Chain 1 2: Supplier Manufacturer


Rantai pertama dihubungkan dengan rantai yang kedua, yaitu manufacturer atau plants atau assembler
atau fabricator atau bentuk lain yang melakukan pekerjaan membuat, memfabrikasi, meng-

assembling, merakit, mengkonversikan, atau pun menyelesaikan barang (finishing). Hubungan dengan
mata rantai pertama ini sudah mempunyai potensi untuk melakukan penghematan. Misalnya
inventories bahan baku, bahan setengah jadi, dan bahan jadi yang berada di pihak suppliers,
manufacturer dan tempat transit merupakan target untuk penghematan ini. Tidak jarang penghematan
sebesar 40%-60%, bahkan lebih, dapat diperoleh dari inventory carrying cost di mata rantai ini.
Dengan menggunakan konsep supplier partnering misalnya, penghematan tersebut dapat diperoleh.`
Chain 1 2 3: Supplier Manufactures Distributor
Barang sudah jadi yang dihasilkan oleh manufacturer sudah mulai disalurkan kepada pelanggan.
Walaupun tersedia banyak cara untuk menyalurkan barang ke pelanggan, yang umum adalah melalui
distributor dan ini biasanya ditempuh oleh sebagian besar supply chain. Barang dari pabrik melalui
gudangnya disalurkan ke gudang distributor atau wholesaler atau pedagang dalam jumlah yang besar,
dan pada waktunya nanti pedagang besar menyalurkan dalam jumlah yang lebih kecil kepada retailer
atau pengecer.

Chain 1 2 3 4: Supplier Manufacturer Distributor Retail Outlet


Pedagang besar biasanya mempunyai fasilitas gedung sendiri atau dapat juga menyewa dari pihak
lain. Gudang ini digunakan untuk menimbun barang sebelum disalurkan ke pihak pengecer. Sekali
lagi disini ada kesempatan untuk memperoleh penghematan dalam bentuk jumlah inventories dan
biaya gudang, dengan cara melakukan desain kembali pola-pola pengiriman barang baik dari gudang
manufacturer maupun ke toko pengecer (retail outlet).

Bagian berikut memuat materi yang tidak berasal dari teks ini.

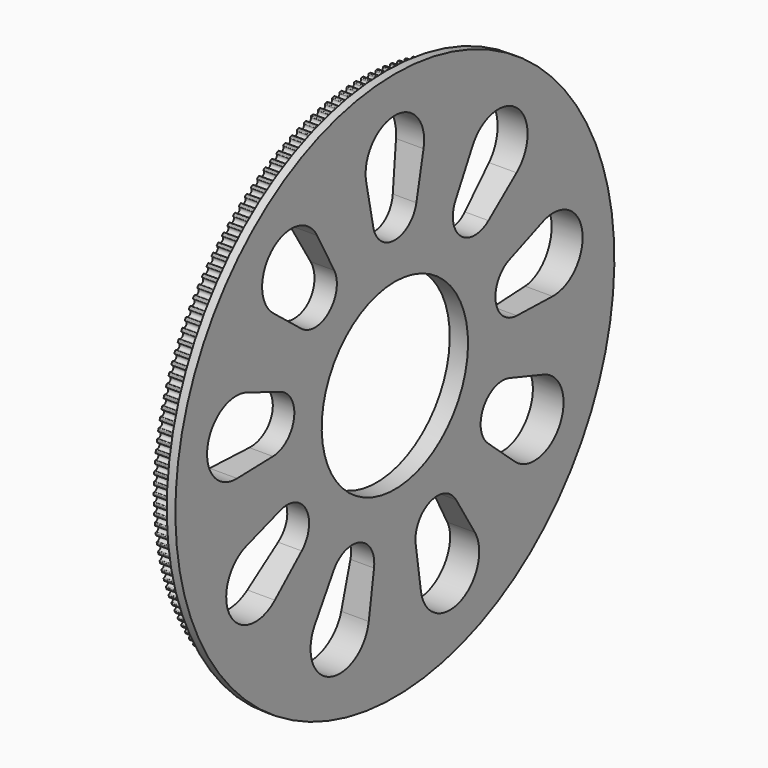
from build123d import *

# Parameters (mm, degrees)
F3_DEPTH = 17.8680288276
F5_DEPTH = 13


with BuildPart() as f1:
    # F0 (on Front) → F1 (revolve)
    with BuildSketch(Plane.XZ):
        Polygon((-4.7158686465, 139.920550967), (-17.8670288276, 139.920550967), (-10, 50), (0, 50), (0, 150), (-4.7158686465, 150), align=None)
    revolve(axis=Axis((-31.8179950118, 0, 0), (-1, 0, 0)))

    # F2 (on Right) → F3 (cut, through all)
    with BuildSketch(Plane.YZ):
        with BuildLine():
            Line((14.6969384567, 82), (19.5959179423, 106))
            ThreePointArc((19.5959179423, 106), (0, 130), (-19.5959179423, 106))
            Line((-19.5959179423, 106), (-14.6969384567, 82))
            ThreePointArc((-14.6969384567, 82), (0, 70), (14.6969384567, 82))
        make_face()
        with BuildLine():
            ThreePointArc((-53.1241425793, 93.7967242243), (-83.5623892593, 99.5857776055), (-83.1468306743, 68.6046977169))
            Line((-83.1468306743, 68.6046977169), (-63.9670920299, 53.3686343955))
            ThreePointArc((-63.9670920299, 53.3686343955), (-44.9951326781, 53.6231110183), (-41.4500759587, 72.262654276))
            Line((-41.4500759587, 72.262654276), (-53.1241425793, 93.7967242243))
        make_face()
        with BuildLine():
            ThreePointArc((-100.9868263789, 37.7049187496), (-128.0250078916, 22.5742630967), (-107.7924172597, -0.8915050842))
            Line((-107.7924172597, -0.8915050842), (-83.3063323273, -0.234508369))
            ThreePointArc((-83.3063323273, -0.234508369), (-68.9365427109, 12.1553724367), (-78.2021391667, 28.7128095064))
            Line((-78.2021391667, 28.7128095064), (-100.9868263789, 37.7049187496))
        make_face()
        with BuildLine():
            ThreePointArc((-101.5966517723, -36.0294372515), (-112.583302492, -65), (-82.00073383, -69.9705627485))
            Line((-82.00073383, -69.9705627485), (-63.665613882, -53.7279220614))
            ThreePointArc((-63.665613882, -53.7279220614), (-60.6217782649, -35), (-78.3625523387, -28.2720779386))
            Line((-78.3625523387, -28.2720779386), (-101.5966517723, -36.0294372515))
        make_face()
        with BuildLine():
            ThreePointArc((-54.6682746804, -92.9052191401), (-44.4626186323, -122.1600407022), (-17.8399957046, -106.3096164665))
            Line((-17.8399957046, -106.3096164665), (-14.2350471368, -82.0814439019))
            ThreePointArc((-14.2350471368, -82.0814439019), (-23.9414100328, -65.778483455), (-41.8562563686, -72.028145907))
            Line((-41.8562563686, -72.028145907), (-54.6682746804, -92.9052191401))
        make_face()
        with BuildLine():
            ThreePointArc((17.8399957046, -106.3096164665), (44.4626186323, -122.1600407022), (54.6682746804, -92.9052191401))
            Line((54.6682746804, -92.9052191401), (41.8562563686, -72.028145907))
            ThreePointArc((41.8562563686, -72.028145907), (23.9414100328, -65.778483455), (14.2350471368, -82.0814439019))
            Line((14.2350471368, -82.0814439019), (17.8399957046, -106.3096164665))
        make_face()
        with BuildLine():
            ThreePointArc((82.00073383, -69.9705627485), (112.583302492, -65), (101.5966517723, -36.0294372515))
            Line((101.5966517723, -36.0294372515), (78.3625523387, -28.2720779386))
            ThreePointArc((78.3625523387, -28.2720779386), (60.6217782649, -35), (63.665613882, -53.7279220614))
            Line((63.665613882, -53.7279220614), (82.00073383, -69.9705627485))
        make_face()
        with BuildLine():
            ThreePointArc((107.7924172597, -0.8915050842), (128.0250078916, 22.5742630967), (100.9868263789, 37.7049187496))
            Line((100.9868263789, 37.7049187496), (78.2021391667, 28.7128095064))
            ThreePointArc((78.2021391667, 28.7128095064), (68.9365427109, 12.1553724367), (83.3063323273, -0.234508369))
            Line((83.3063323273, -0.234508369), (107.7924172597, -0.8915050842))
        make_face()
        with BuildLine():
            Line((53.1241425793, 93.7967242243), (41.4500759587, 72.262654276))
            ThreePointArc((41.4500759587, 72.262654276), (44.9951326781, 53.6231110183), (63.9670920299, 53.3686343955))
            Line((63.9670920299, 53.3686343955), (83.1468306743, 68.6046977169))
            ThreePointArc((83.1468306743, 68.6046977169), (83.5623892593, 99.5857776055), (53.1241425793, 93.7967242243))
        make_face()
    extrude(amount=-F3_DEPTH, mode=Mode.SUBTRACT)

    # F4 (on face) → F5 (join)
    with BuildSketch(Plane(origin=(-4.7158686465, 0, 0), x_dir=(0, -1, 0), z_dir=(-1, 0, 0))):
        with BuildLine():
            ThreePointArc((4.0237123473, 142.1136204842), (2.4517908469, 140.4630035454), (0.9384326191, 142.1674742422))
            ThreePointArc((0.9384326191, 142.1674742422), (0.8241772032, 142.5169854565), (0.4885078504, 142.6671136502))
            Line((0.4885078504, 142.6671136502), (0, 142.66795))
            Line((0, 142.66795), (0, 137.7496519993))
            Line((0, 137.7496519993), (4.8044649915, 137.5818763848))
            Line((4.8044649915, 137.5818763848), (4.8073935257, 137.6657386332))
            Line((4.8073935257, 137.6657386332), (4.9790396506, 142.5810405396))
            Line((4.9790396506, 142.5810405396), (4.9790688389, 142.5818763848))
            Line((4.9790688389, 142.5818763848), (4.4908001977, 142.5972533774))
            ThreePointArc((4.4908001977, 142.5972533774), (4.1500959272, 142.4589313292), (4.0237123473, 142.1136204842))
        make_face()
        with BuildLine():
            Line((0, 137.7496519993), (0, 142.66795))
            Line((0, 142.66795), (0, 142.6687863547))
            Line((0, 142.6687863547), (-0.4885078504, 142.6671136502))
            ThreePointArc((-0.4885078504, 142.6671136502), (-0.8241772032, 142.5169854565), (-0.9384326191, 142.1674742422))
            ThreePointArc((-0.9384326191, 142.1674742422), (-2.4517908469, 140.4630035454), (-4.0237123473, 142.1136204842))
            ThreePointArc((-4.0237123473, 142.1136204842), (-4.1500959272, 142.4589313292), (-4.4908001977, 142.5972533774))
            Line((-4.4908001977, 142.5972533774), (-4.9790396506, 142.5810405396))
            Line((-4.9790396506, 142.5810405396), (-4.8073935257, 137.6657386332))
            Line((-4.8073935257, 137.6657386332), (0, 137.6657386332))
            Line((0, 137.6657386332), (0, 137.7496519993))
        make_face()
        with BuildLine():
            Line((5.467220727, 142.5631560212), (4.9790396506, 142.5810405396))
            Line((4.9790396506, 142.5810405396), (4.8073935257, 137.6657386332))
            Line((4.8073935257, 137.6657386332), (9.6030764824, 137.3303918129))
            Line((9.6030764824, 137.3303918129), (9.608929983, 137.4141007703))
            Line((9.608929983, 137.4141007703), (9.9520131083, 142.3204180443))
            Line((9.9520131083, 142.3204180443), (9.9520714495, 142.3212523616))
            Line((9.9520714495, 142.3212523616), (9.4646368976, 142.3536603168))
            ThreePointArc((9.4646368976, 142.3536603168), (9.1193128051, 142.2273129382), (8.9809550399, 141.8866231706))
            ThreePointArc((8.9809550399, 141.8866231706), (7.3523854112, 140.2918710123), (5.8994342498, 142.048118832))
            ThreePointArc((5.8994342498, 142.048118832), (5.7974462007, 142.40140459), (5.467220727, 142.5631560212))
        make_face()
        with BuildLine():
            Line((-4.8044649915, 137.5818763848), (-4.8073935257, 137.6657386332))
            Line((-4.8073935257, 137.6657386332), (-4.9790396506, 142.5810405396))
            Line((-4.9790396506, 142.5810405396), (-4.9790688389, 142.5818763848))
            Line((-4.9790688389, 142.5818763848), (-5.467220727, 142.5631560212))
            ThreePointArc((-5.467220727, 142.5631560212), (-5.7974462007, 142.40140459), (-5.8994342498, 142.048118832))
            ThreePointArc((-5.8994342498, 142.048118832), (-7.3523854112, 140.2918710123), (-8.9809550399, 141.8866231706))
            ThreePointArc((-8.9809550399, 141.8866231706), (-9.1193128051, 142.2273129382), (-9.4646368976, 142.3536603168))
            Line((-9.4646368976, 142.3536603168), (-9.9520131083, 142.3204180443))
            Line((-9.9520131083, 142.3204180443), (-9.608929983, 137.4141007703))
            Line((-9.608929983, 137.4141007703), (-4.8044649915, 137.5818763848))
        make_face()
        with BuildLine():
            Line((9.9520131083, 142.3204180443), (9.608929983, 137.4141007703))
            Line((9.608929983, 137.4141007703), (14.3899881039, 136.9115913128))
            Line((14.3899881039, 136.9115913128), (14.3987594391, 136.9950449927))
            Line((14.3987594391, 136.9950449927), (14.912861571, 141.8864000423))
            Line((14.912861571, 141.8864000423), (14.9129489939, 141.8872318154))
            Line((14.9129489939, 141.8872318154), (14.4269423954, 141.936631249))
            ThreePointArc((14.4269423954, 141.936631249), (14.077419205, 141.8224124749), (13.9272558222, 141.4867588626))
            ThreePointArc((13.9272558222, 141.4867588626), (12.2440222265, 139.9498144446), (10.8532483286, 141.7556996699))
            ThreePointArc((10.8532483286, 141.7556996699), (10.7636519031, 142.1123295473), (10.4392726374, 142.2855071467))
            Line((10.4392726374, 142.2855071467), (9.9520131083, 142.3204180443))
        make_face()
        with BuildLine():
            Line((-9.6030764824, 137.3303918129), (-9.608929983, 137.4141007703))
            Line((-9.608929983, 137.4141007703), (-9.9520131083, 142.3204180443))
            Line((-9.9520131083, 142.3204180443), (-9.9520714495, 142.3212523616))
            Line((-9.9520714495, 142.3212523616), (-10.4392726374, 142.2855071467))
            ThreePointArc((-10.4392726374, 142.2855071467), (-10.7636519031, 142.1123295473), (-10.8532483286, 141.7556996699))
            ThreePointArc((-10.8532483286, 141.7556996699), (-12.2440222265, 139.9498144446), (-13.9272558222, 141.4867588626))
            ThreePointArc((-13.9272558222, 141.4867588626), (-14.077419205, 141.8224124749), (-14.4269423954, 141.936631249))
            Line((-14.4269423954, 141.936631249), (-14.912861571, 141.8864000423))
            Line((-14.912861571, 141.8864000423), (-14.3987594391, 136.9950449927))
            Line((-14.3987594391, 136.9950449927), (-9.6030764824, 137.3303918129))
        make_face()
        with BuildLine():
            Line((14.912861571, 141.8864000423), (14.3987594391, 136.9950449927))
            Line((14.3987594391, 136.9950449927), (19.1593677415, 136.3259851282))
            Line((19.1593677415, 136.3259851282), (19.1710462249, 136.4090818552))
            Line((19.1710462249, 136.4090818552), (19.8555410091, 141.2795153178))
            Line((19.8555410091, 141.2795153178), (19.8556574072, 141.2803435332))
            Line((19.8556574072, 141.2803435332), (19.3716708861, 141.3466742597))
            ThreePointArc((19.3716708861, 141.3466742597), (19.0183744381, 141.244723248), (18.8565883886, 140.9145147333))
            ThreePointArc((18.8565883886, 140.9145147333), (17.1207415867, 139.4372505856), (15.7938393962, 141.2905730235))
            ThreePointArc((15.7938393962, 141.2905730235), (15.7167437536, 141.6501125218), (15.398605902, 141.8345052992))
            Line((15.398605902, 141.8345052992), (14.912861571, 141.8864000423))
        make_face()
        with BuildLine():
            Line((-14.3899881039, 136.9115913128), (-14.3987594391, 136.9950449927))
            Line((-14.3987594391, 136.9950449927), (-14.912861571, 141.8864000423))
            Line((-14.912861571, 141.8864000423), (-14.9129489939, 141.8872318154))
            Line((-14.9129489939, 141.8872318154), (-15.398605902, 141.8345052992))
            ThreePointArc((-15.398605902, 141.8345052992), (-15.7167437536, 141.6501125218), (-15.7938393962, 141.2905730235))
            ThreePointArc((-15.7938393962, 141.2905730235), (-17.1207415867, 139.4372505856), (-18.8565883886, 140.9145147333))
            ThreePointArc((-18.8565883886, 140.9145147333), (-19.0183744381, 141.244723248), (-19.3716708861, 141.3466742597))
            Line((-19.3716708861, 141.3466742597), (-19.8555410091, 141.2795153178))
            Line((-19.8555410091, 141.2795153178), (-19.1710462249, 136.4090818552))
            Line((-19.1710462249, 136.4090818552), (-14.3899881039, 136.9115913128))
        make_face()
        with BuildLine():
            Line((19.8555410091, 141.2795153178), (19.1710462249, 136.4090818552))
            Line((19.1710462249, 136.4090818552), (23.9054046408, 135.5742867301))
            Line((23.9054046408, 135.5742867301), (23.9199760439, 135.6569252637))
            Line((23.9199760439, 135.6569252637), (24.774029529, 140.5005032664))
            Line((24.774029529, 140.5005032664), (24.7741747604, 140.5013269149))
            Line((24.7741747604, 140.5013269149), (24.2927979798, 140.5845081206))
            ThreePointArc((24.2927979798, 140.5845081206), (23.9361587115, 140.4949490829), (23.7629471067, 140.170587974))
            ThreePointArc((23.7629471067, 140.170587974), (21.9766019605, 138.7548039155), (20.7151881033, 140.653305578))
            ThreePointArc((20.7151881033, 140.653305578), (20.6506871728, 141.0153166537), (20.3391783373, 141.2106999549))
            Line((20.3391783373, 141.2106999549), (19.8555410091, 141.2795153178))
        make_face()
        with BuildLine():
            Line((-19.1593677415, 136.3259851282), (-19.1710462249, 136.4090818552))
            Line((-19.1710462249, 136.4090818552), (-19.8555410091, 141.2795153178))
            Line((-19.8555410091, 141.2795153178), (-19.8556574072, 141.2803435332))
            Line((-19.8556574072, 141.2803435332), (-20.3391783373, 141.2106999549))
            ThreePointArc((-20.3391783373, 141.2106999549), (-20.6506871728, 141.0153166537), (-20.7151881033, 140.653305578))
            ThreePointArc((-20.7151881033, 140.653305578), (-21.9766019605, 138.7548039155), (-23.7629471067, 140.170587974))
            ThreePointArc((-23.7629471067, 140.170587974), (-23.9361587115, 140.4949490829), (-24.2927979798, 140.5845081206))
            Line((-24.2927979798, 140.5845081206), (-24.774029529, 140.5005032664))
            Line((-24.774029529, 140.5005032664), (-23.9199760439, 135.6569252637))
            Line((-23.9199760439, 135.6569252637), (-19.1593677415, 136.3259851282))
        make_face()
        with BuildLine():
            Line((24.774029529, 140.5005032664), (23.9199760439, 135.6569252637))
            Line((23.9199760439, 135.6569252637), (28.6223164869, 134.6574119473))
            Line((28.6223164869, 134.6574119473), (28.6397630567, 134.7394916051))
            Line((28.6397630567, 134.7394916051), (29.66233471, 139.5503129941))
            Line((29.66233471, 139.5503129941), (29.6625085979, 139.5511310724))
            Line((29.6625085979, 139.5511310724), (29.1843280413, 139.6510614137))
            ThreePointArc((29.1843280413, 139.6510614137), (28.8247804626, 139.5740034639), (28.6403543342, 139.2558849449))
            ThreePointArc((28.6403543342, 139.2558849449), (26.8056872301, 137.9033058903), (25.6112985446, 139.8446737457))
            ThreePointArc((25.6112985446, 139.8446737457), (25.5594709107, 140.208715344), (25.2549706169, 140.4148511246))
            Line((25.2549706169, 140.4148511246), (24.774029529, 140.5005032664))
        make_face()
        with BuildLine():
            Line((-23.9054046408, 135.5742867301), (-23.9199760439, 135.6569252637))
            Line((-23.9199760439, 135.6569252637), (-24.774029529, 140.5005032664))
            Line((-24.774029529, 140.5005032664), (-24.7741747604, 140.5013269149))
            Line((-24.7741747604, 140.5013269149), (-25.2549706169, 140.4148511246))
            ThreePointArc((-25.2549706169, 140.4148511246), (-25.5594709107, 140.208715344), (-25.6112985446, 139.8446737457))
            ThreePointArc((-25.6112985446, 139.8446737457), (-26.8056872301, 137.9033058903), (-28.6403543342, 139.2558849449))
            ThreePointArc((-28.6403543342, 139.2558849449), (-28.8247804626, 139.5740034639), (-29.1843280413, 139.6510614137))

Chain 1 2 3 4 5: Supplier Manufacturer Distributor Retail Outlet Customer


Dari rak-raknya, para pengecer atau retailer ini menawarkan barangnya langsung kepada para
pelanggan, pembeli atau pengguna barang tersebut. Yang termasuk outlet adalah toko, warung, toko
serba ada, pasar swayalan, atau koperasi dimana konsumen melakukan pembelian. Walaupun secara
fisik dapat dikatakan ini adalah mata rantai terakhir, sebetulnya masih ada satu mata rantai lagi, yaitu
dari pembeli (yang mendatangi retail outlet) ke real customer dan real user, karena pembeli belum
tentu pengguna akhir. Mata rantai supply baru benar-benar berhenti setelah barang yang bersangkutan
tiba di real customers dan real user.

JUST-IN-TIME ( JIT )
1. Pengertian JIT
Dalam pengertian luas, JIT adalah suatu filosofi tepat waktu yang memusatkan pada
aktivitas yang diperlukan oleh segmen-segmen internal lainnya dalam suatu organisasi.
JIT mempunyai empat aspek pokok sebagai berikut:
1. Semua aktivitas yang tidak bernilai tambah terhadap produk atau jasa harus di
eliminasi.Aktivitas yang tidak bernilai tambah meningkatkan biaya yang tidak
perlu,misalnya persediaan sedapat mungkin nol.
2. Adanya komitmen untuk selalu meningkatkan mutu yang lebih tinggi.Sehingga produk
rusak dan cacat sedapat mungkin nol,tidak memerlukan waktu dan biaya untuk
pengerjaan kembali produk cacat, dan kepuasan pembeli dapat meningkat.
3. Selalu diupayakan penyempurnaan yang berkesinambungan (Continuous
Improvement)dalam meningkatkan efisiensi kegiatan.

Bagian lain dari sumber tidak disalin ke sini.